Go through the records below and count every line containing "Continuous". Reply with the count alone.

### [INPUT DATA]
=== Begin Enclosure ===

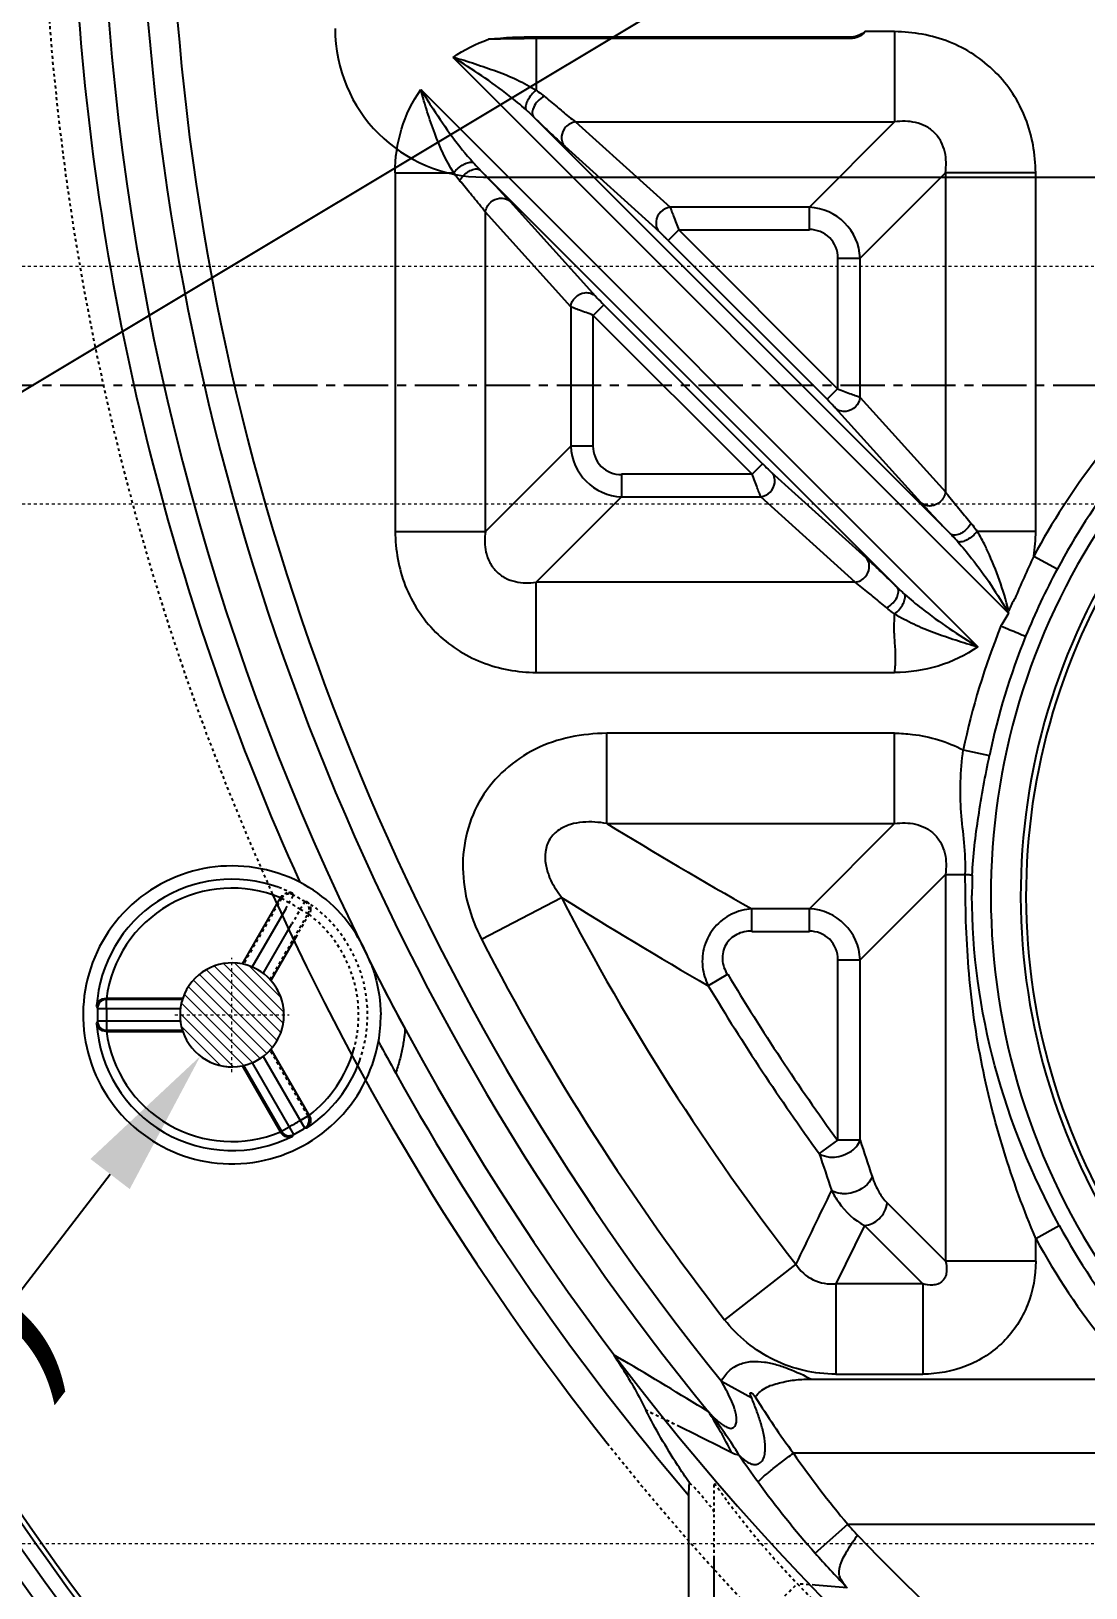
# Model space of a CAD drawing. Header units: millimetres. Extents: x 2748 to 3320, y 1427 to 1884.
# Drawn here: x 2900.7 to 2936.3, y 1613.3 to 1665.7 of the extents above; entities that cross this region are included whole.
import ezdxf

# ---------------------------------------------------------------- set-up
doc = ezdxf.new("R2010")
doc.units = ezdxf.units.MM
doc.linetypes.add('CENTER', pattern=[0.6, 0.375, -0.075, 0.075, -0.075])
doc.linetypes.add('HIDDEN', pattern=[0.2, 0.1, -0.1])
doc.layers.add('21', color=7, linetype='Continuous')
doc.layers.add('cool', color=153, linetype='HIDDEN', lineweight=9)
doc.layers.add('insert', color=85, linetype='Continuous', lineweight=20)
doc.styles.get("Standard").update_dxf_attribs({"font": 'arial.ttf'})
doc.dimstyles.get("Standard").update_dxf_attribs({"dimtxt": 0.18, "dimasz": 0.18, "dimexe": 0.18, "dimexo": 0.0625, "dimgap": 0.09, "dimtad": 0, "dimtih": 1, "dimtoh": 1, "dimzin": 0, "dimdsep": 46, "dimtxsty": 'Standard', "dimcen": 0.09, "dimadec": 0, "dimazin": 0, "dimtfac": 1, "dimtofl": 0, "dimtmove": 0, "dimatfit": 3, "dimfxl": 0, "dimtolj": 1, "dimtzin": 0, "dimarcsym": 0})

# ---------------------------------------------------------------- blocks, each defined once
blk = doc.blocks.new('insert_cir_3.5')
at = {"layer": 'insert'}
h = blk.add_hatch(dxfattribs=at)
h.set_pattern_fill('_ANSI31', color=123, scale=0.0875, angle=90, style=0)
h.set_pattern_definition([(135, (-3527.1127, 221.18007), (-0.196443103, -0.196443103), [])])
h.paths.add_polyline_path([(-1.75, 0, 1), (1.75, 0, 1)])
at = {"layer": 'insert', "color": 1, "linetype": 'CENTER', "ltscale": 0.108846}
for p, q in [((0, -1.925), (0, 1.925)), ((-1.925, 0), (1.925, 0))]:
    blk.add_line(p, q, dxfattribs=at)
at = {"layer": 'insert'}
blk.add_circle((0, 0), 1.75, dxfattribs=at)
blk = doc.blocks.new('*D80')
at = {"color": 4, "lineweight": -2, "transparency": 16777216}
blk.add_line((2900.36, 1623.299), (2903.401, 1627.268), dxfattribs=at)
at = {"color": 4, "transparency": 16777216}
blk.add_solid([(2902.74, 1627.775), (2904.063, 1626.761), (2906.442, 1631.237)], dxfattribs=at)
at = {"layer": 'Defpoints', "color": 0, "transparency": 16777216}
for p in [(2908.571, 1634.015), (2906.442, 1631.237)]:
    blk.add_point(p, dxfattribs=at)
at = {"color": 6, "transparency": 16777216, "insert": (2888.998, 1608.468), "char_height": 5, "attachment_point": 5, "rotation": 52.5422}
blk.add_mtext('\\A1;∅3.50(镶针)', dxfattribs=at)
blk = doc.blocks.new('*D114')
at = {"color": 4, "lineweight": -2, "transparency": 16777216}
blk.add_line((2893.038, 1649.165), (2924.762, 1668.196), dxfattribs=at)
at = {"color": 4, "transparency": 16777216}
blk.add_solid([(2924.333, 1668.911), (2925.19, 1667.482), (2929.049, 1670.769)], dxfattribs=at)
at = {"layer": 'Defpoints', "color": 0, "transparency": 16777216}
for p in [(2935.909, 1674.884), (2929.049, 1670.769)]:
    blk.add_point(p, dxfattribs=at)
at = {"color": 6, "transparency": 16777216, "insert": (2877.016, 1639.554), "char_height": 5, "attachment_point": 5, "rotation": 30.9592}
blk.add_mtext('\\A1;∅8.00(通孔)', dxfattribs=at)

msp = doc.modelspace()

# ---------------------------------------------------------------- linework, layer by layer
at = {"color": 6}
msp.add_line((2915.979, 1660.826), (2937.979, 1660.826), dxfattribs=at)
msp.add_arc((2915.979, 1665.826), 5, 180, 270, dxfattribs=at)
at = {"layer": '21', "color": 7, "linetype": 'Continuous'}
for p, q in [((2917.751, 1665.54), (2917.751, 1663.752)), ((2928.336, 1665.54), (2917.751, 1665.54)), ((2928.335, 1665.487), (2917.751, 1665.487)), ((2928.335, 1665.54), (2928.335, 1665.487)), ((2929.824, 1665.724), (2928.831, 1665.724)), ((2929.824, 1665.724), (2929.824, 1662.684)), ((2933.662, 1646.153), (2914.951, 1664.858)), ((2913.867, 1663.773), (2932.624, 1645.016)), ((2931.706, 1648.814), (2917.664, 1662.855)), ((2919.078, 1662.684), (2922.26, 1659.811)), ((2919.078, 1662.684), (2929.824, 1662.684)), ((2926.951, 1659.811), (2929.824, 1662.684)), ((2921.905, 1658.98), (2918.723, 1661.853)), ((2913, 1660.973), (2913, 1648.901)), ((2913, 1660.973), (2914.973, 1660.973)), ((2915.87, 1661.06), (2929.911, 1647.019)), ((2931.534, 1660.973), (2928.661, 1658.1)), ((2931.534, 1660.973), (2931.534, 1650.227)), ((2934.575, 1660.973), (2931.534, 1660.973)), ((2934.575, 1648.901), (2934.575, 1660.973)), ((2916.671, 1660.219), (2916.631, 1660.263)), ((2916.041, 1648.901), (2916.041, 1659.647)), ((2918.914, 1656.465), (2916.041, 1659.647)), ((2916.871, 1660.002), (2919.744, 1656.82)), ((2926.951, 1659.811), (2922.26, 1659.811)), ((2926.951, 1659.05), (2926.951, 1659.811)), ((2922.197, 1658.695), (2922.552, 1659.05)), ((2922.197, 1658.695), (2927.546, 1653.347)), ((2922.552, 1659.05), (2927.901, 1653.702)), ((2922.552, 1659.05), (2926.951, 1659.05)), ((2927.901, 1658.1), (2927.901, 1653.702)), ((2927.901, 1658.1), (2928.661, 1658.1)), ((2928.661, 1653.409), (2928.661, 1658.1)), ((2918.914, 1656.465), (2918.914, 1651.774)), ((2919.674, 1656.172), (2920.029, 1656.527)), ((2925.378, 1651.179), (2920.029, 1656.527)), ((2919.674, 1651.774), (2919.674, 1656.172)), ((2925.023, 1650.824), (2919.674, 1656.172)), ((2927.901, 1653.702), (2927.546, 1653.347)), ((2928.661, 1653.409), (2931.534, 1650.227)), ((2930.704, 1649.872), (2927.831, 1653.054)), ((2916.041, 1648.901), (2918.914, 1651.774)), ((2919.674, 1651.774), (2918.914, 1651.774)), ((2920.624, 1650.824), (2920.624, 1650.064)), ((2925.023, 1650.824), (2920.624, 1650.824)), ((2925.378, 1651.179), (2925.023, 1650.824)), ((2925.67, 1650.894), (2928.852, 1648.021)), ((2920.624, 1650.064), (2917.751, 1647.191)), ((2920.624, 1650.064), (2925.315, 1650.064)), ((2928.497, 1647.191), (2925.315, 1650.064)), ((2930.904, 1649.655), (2930.944, 1649.611)), ((2913, 1648.901), (2916.041, 1648.901)), ((2934.575, 1648.901), (2932.602, 1648.901)), ((2934.507, 1648.065), (2935.301, 1647.638)), ((2917.751, 1644.15), (2917.751, 1647.191)), ((2928.497, 1647.191), (2917.751, 1647.191)), ((2917.751, 1644.15), (2929.824, 1644.15)), ((2920.128, 1639.066), (2920.128, 1642.107)), ((2929.824, 1642.107), (2920.128, 1642.107)), ((2929.824, 1639.066), (2929.824, 1642.107)), ((2932.134, 1641.543), (2933.017, 1641.359)), ((2920.128, 1639.066), (2929.824, 1639.066)), ((2926.951, 1636.193), (2929.824, 1639.066)), ((2931.534, 1637.356), (2928.661, 1634.483)), ((2931.534, 1637.356), (2931.534, 1624.333)), ((2931.534, 1637.356), (2932.204, 1637.356)), ((2907.856, 1634.341), (2909.141, 1636.567)), ((2915.905, 1635.178), (2918.607, 1636.572)), ((2909.32, 1636.199), (2908.187, 1634.238)), ((2925.015, 1635.433), (2925.015, 1636.193)), ((2926.951, 1636.193), (2925.015, 1636.193)), ((2926.951, 1635.433), (2926.951, 1636.193)), ((2908.562, 1634.022), (2909.528, 1635.695)), ((2909.692, 1635.301), (2908.817, 1633.786)), ((2925.015, 1635.433), (2926.951, 1635.433)), ((2927.901, 1634.483), (2927.901, 1628.406)), ((2927.901, 1634.483), (2928.661, 1634.483)), ((2928.661, 1628.408), (2928.661, 1634.483)), ((2924.201, 1633.994), (2923.549, 1633.603)), ((2902.948, 1632.914), (2902.98, 1632.858)), ((2905.847, 1633.181), (2903.272, 1633.181)), ((2903.281, 1632.843), (2903.281, 1633.144)), ((2905.77, 1633.144), (2903.281, 1633.144)), ((2902.98, 1632.394), (2902.948, 1632.338)), ((2902.979, 1632.843), (2905.77, 1632.843)), ((2905.77, 1632.41), (2902.979, 1632.41)), ((2903.281, 1632.41), (2903.281, 1632.109)), ((2903.272, 1632.071), (2905.847, 1632.071)), ((2903.281, 1632.109), (2905.77, 1632.109)), ((2908.817, 1631.466), (2910.102, 1629.24)), ((2909.141, 1628.685), (2907.856, 1630.911)), ((2907.927, 1630.863), (2909.171, 1628.708)), ((2908.187, 1631.014), (2909.583, 1628.597)), ((2909.958, 1628.814), (2908.562, 1631.23)), ((2909.807, 1629.075), (2910.068, 1629.225)), ((2909.171, 1628.708), (2909.432, 1628.858)), ((2909.971, 1628.822), (2910.035, 1628.822)), ((2909.536, 1628.534), (2909.569, 1628.59)), ((2927.901, 1628.406), (2927.286, 1627.958)), ((2928.661, 1628.406), (2927.901, 1628.406)), ((2929.572, 1626.295), (2931.534, 1624.333)), ((2928.812, 1625.535), (2927.845, 1623.573)), ((2930.774, 1623.573), (2928.812, 1625.535)), ((2934.575, 1625.102), (2935.367, 1625.533)), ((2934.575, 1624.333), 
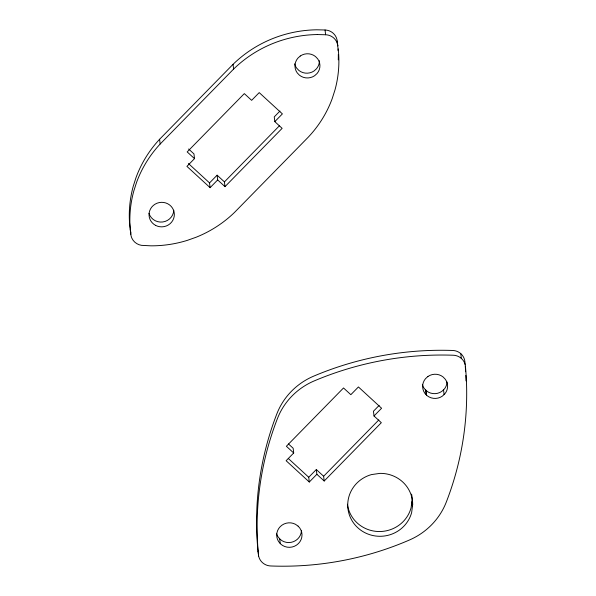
<?xml version="1.0" encoding="UTF-8"?>
<svg xmlns="http://www.w3.org/2000/svg" width="596" height="596" viewBox="0 0 596 596"><rect width="100%" height="100%" fill="white"/><g stroke="black" fill="none" stroke-linecap="round" stroke-linejoin="round"><path stroke-width="0.89" d="M130.882 232.403A12.911 12.494 -6.7 0 1 130.472 230.972L129.474 221.846A116.674 112.905 -6.7 0 1 133.236 186.28L135.977 177.697A116.674 112.905 -6.7 0 1 159.586 139.285L233.051 64.323A119.64 115.78 -6.7 0 1 279.628 36.058L280.172 35.879A119.595 115.728 -6.7 0 1 316.767 29.8L325.051 29.994A12.777 12.36 -6.7 0 1 332.151 32.4L333.32 33.354A12.777 12.36 -6.7 0 1 337.217 41.169L337.776 45.922A12.777 12.36 -6.7 0 0 333.879 38.107L332.71 37.161A12.777 12.36 -6.7 0 0 325.61 34.754L317.325 34.553M337.217 41.169L338.632 53.685A115.527 111.795 -6.7 0 1 335.012 89.832L332.225 98.556A115.527 111.795 -6.7 0 1 308.005 137.423L234.541 212.385A116.674 112.905 -6.7 0 1 196.159 237.223L187.449 240.322A116.674 112.905 -6.7 0 1 150.967 245.828L141.498 245.343A12.911 12.494 -6.7 0 1 131.031 235.725L130.032 226.599A116.674 112.905 -6.7 0 1 133.795 191.033L136.536 182.451A116.674 112.905 -6.7 0 1 160.145 144.038L233.61 69.076A119.64 115.78 -6.7 0 1 280.187 40.811L280.731 40.632A119.64 115.78 -6.7 0 1 317.34 34.553M188.619 149L193.946 153.887L194.505 158.64L186.921 166.381L210.097 187.666L217.674 179.932L217.115 175.179L209.539 182.912L210.097 187.666M279.941 111.072L274.257 116.876L274.808 121.629L282.132 128.349L224.99 186.652L217.674 179.932M274.808 121.629L282.392 113.896L259.215 92.611L251.639 100.344L244.323 93.617L187.181 151.92L194.505 158.64M224.99 186.652L224.431 181.899L279.621 125.585M288.486 443.96L293.143 448.237L293.701 452.99L286.125 460.723L309.294 482.015L316.871 474.282L316.312 469.529L308.735 477.262L309.294 482.015M379.138 405.422L373.454 411.225L374.012 415.978L381.328 422.698L324.194 481.002L316.871 474.282M374.012 415.978L381.589 408.245L358.42 386.953L350.835 394.694L343.519 387.966L286.385 446.27L293.701 452.99M324.194 481.002L323.635 476.249L378.825 419.934M217.115 175.179L224.431 181.899M188.411 163.505L209.539 182.912M316.312 469.529L323.635 476.249M288.293 458.473L308.735 477.262M465.126 364.394A317.467 307.216 -6.7 0 0 464.887 361.645A12.777 12.36 -6.7 0 0 460.991 353.83L459.821 352.877A12.777 12.36 -6.7 0 0 452.722 350.47A317.467 307.216 -6.7 0 0 313.809 376.091A68.197 65.992 -6.7 0 0 276.879 413.788A315.56 305.368 -6.7 0 0 257.904 549.974L258.135 551.449M258.59 555.993L258.694 556.202A12.911 12.494 -6.7 0 0 261.346 561.499L262.396 562.579A12.911 12.494 -6.7 0 0 269.168 565.82L270.696 565.969A308.311 298.35 -6.7 0 0 409.571 539.946A69.136 66.901 -6.7 0 0 446.307 502.055A317.467 307.216 -6.7 0 0 465.446 366.398A12.777 12.36 -6.7 0 0 461.55 358.583L460.38 357.637A12.777 12.36 -6.7 0 0 453.28 355.231A317.467 307.216 -6.7 0 0 314.368 380.844A68.197 65.992 -6.7 0 0 277.438 418.541A315.56 305.368 -6.7 0 0 258.463 554.727L258.59 555.993L258.031 551.24M460.782 353.659L461.341 358.412M443.528 389.821L444.087 394.574M425.984 390.328L426.542 395.081M425.604 389.933L426.162 394.686M411.843 501.884L412.402 506.645M325.051 29.994L325.61 34.754M233.051 64.323L233.61 69.076M279.703 538.814L280.262 543.567M159.586 139.285L160.145 144.038M130.233 229.497L130.792 234.25M173.779 210.261A12.658 12.255 -6.7 0 1 162.656 221.988A12.658 12.255 -6.7 0 1 148.985 213.361M319.382 60.725A12.494 12.091 -6.7 0 1 316.476 68.793L314.077 70.946A12.494 12.091 -6.7 0 1 298.879 70.44L296.674 68.13A12.494 12.091 -6.7 0 1 294.7 63.832M338.074 48.932A115.527 111.795 -6.7 0 1 338.185 50.749M338.312 54.392A115.527 111.795 -6.7 0 1 338.267 59.853M465.267 366.227A317.467 307.216 -6.7 0 1 465.632 371.733M465.826 375.398A317.467 307.216 -6.7 0 1 466.02 380.911M347.423 504.216A32.497 31.446 -6.7 0 0 377.551 531.483A32.497 31.446 -6.7 0 0 411.098 507.74L412.134 499.582A32.497 31.446 -6.7 0 0 411.598 494.121M301.442 530.738A12.658 12.255 -6.7 0 1 293.523 541.645A12.658 12.255 -6.7 0 1 280.053 539.231L277.989 536.758A12.658 12.255 -6.7 0 1 276.656 533.837M447.037 381.999A12.494 12.091 -6.7 0 1 444.139 389.27L441.74 391.423A12.494 12.091 -6.7 0 1 426.55 390.916L424.345 388.607A12.494 12.091 -6.7 0 1 422.37 384.308M412.693 504.335L411.657 512.5A32.497 31.446 -6.7 0 1 357.429 527.423A32.497 31.446 -6.7 0 1 371.554 474.572L379.95 473.373A32.497 31.446 -6.7 0 1 412.693 504.335M300.272 56.009L297.873 58.17A12.494 12.091 -6.7 0 0 297.233 72.891L299.438 75.2A12.494 12.091 -6.7 0 0 314.636 75.707L317.035 73.546A12.494 12.091 -6.7 0 0 317.668 58.825L315.463 56.516A12.494 12.091 -6.7 0 0 300.272 56.009M427.935 376.486L425.537 378.646A12.494 12.091 -6.7 0 0 424.903 393.367L427.108 395.67A12.494 12.091 -6.7 0 0 442.299 396.176L444.698 394.023A12.494 12.091 -6.7 0 0 445.339 379.302L443.133 376.992A12.494 12.091 -6.7 0 0 427.935 376.486M298.104 526.141L295.437 524.271A12.658 12.255 -6.7 0 0 280.209 526.663A12.658 12.255 -6.7 0 0 278.548 541.511L280.612 543.992A12.658 12.255 -6.7 0 0 298.507 543.47A12.658 12.255 -6.7 0 0 298.104 526.141M155.608 225.385A12.658 12.255 -6.7 0 0 174.345 214.217A12.658 12.255 -6.7 0 0 155.116 204.16A12.658 12.255 -6.7 0 0 155.608 225.385"/></g></svg>

=== End Enclosure ===

### [EXERCISE RESPONSE]
3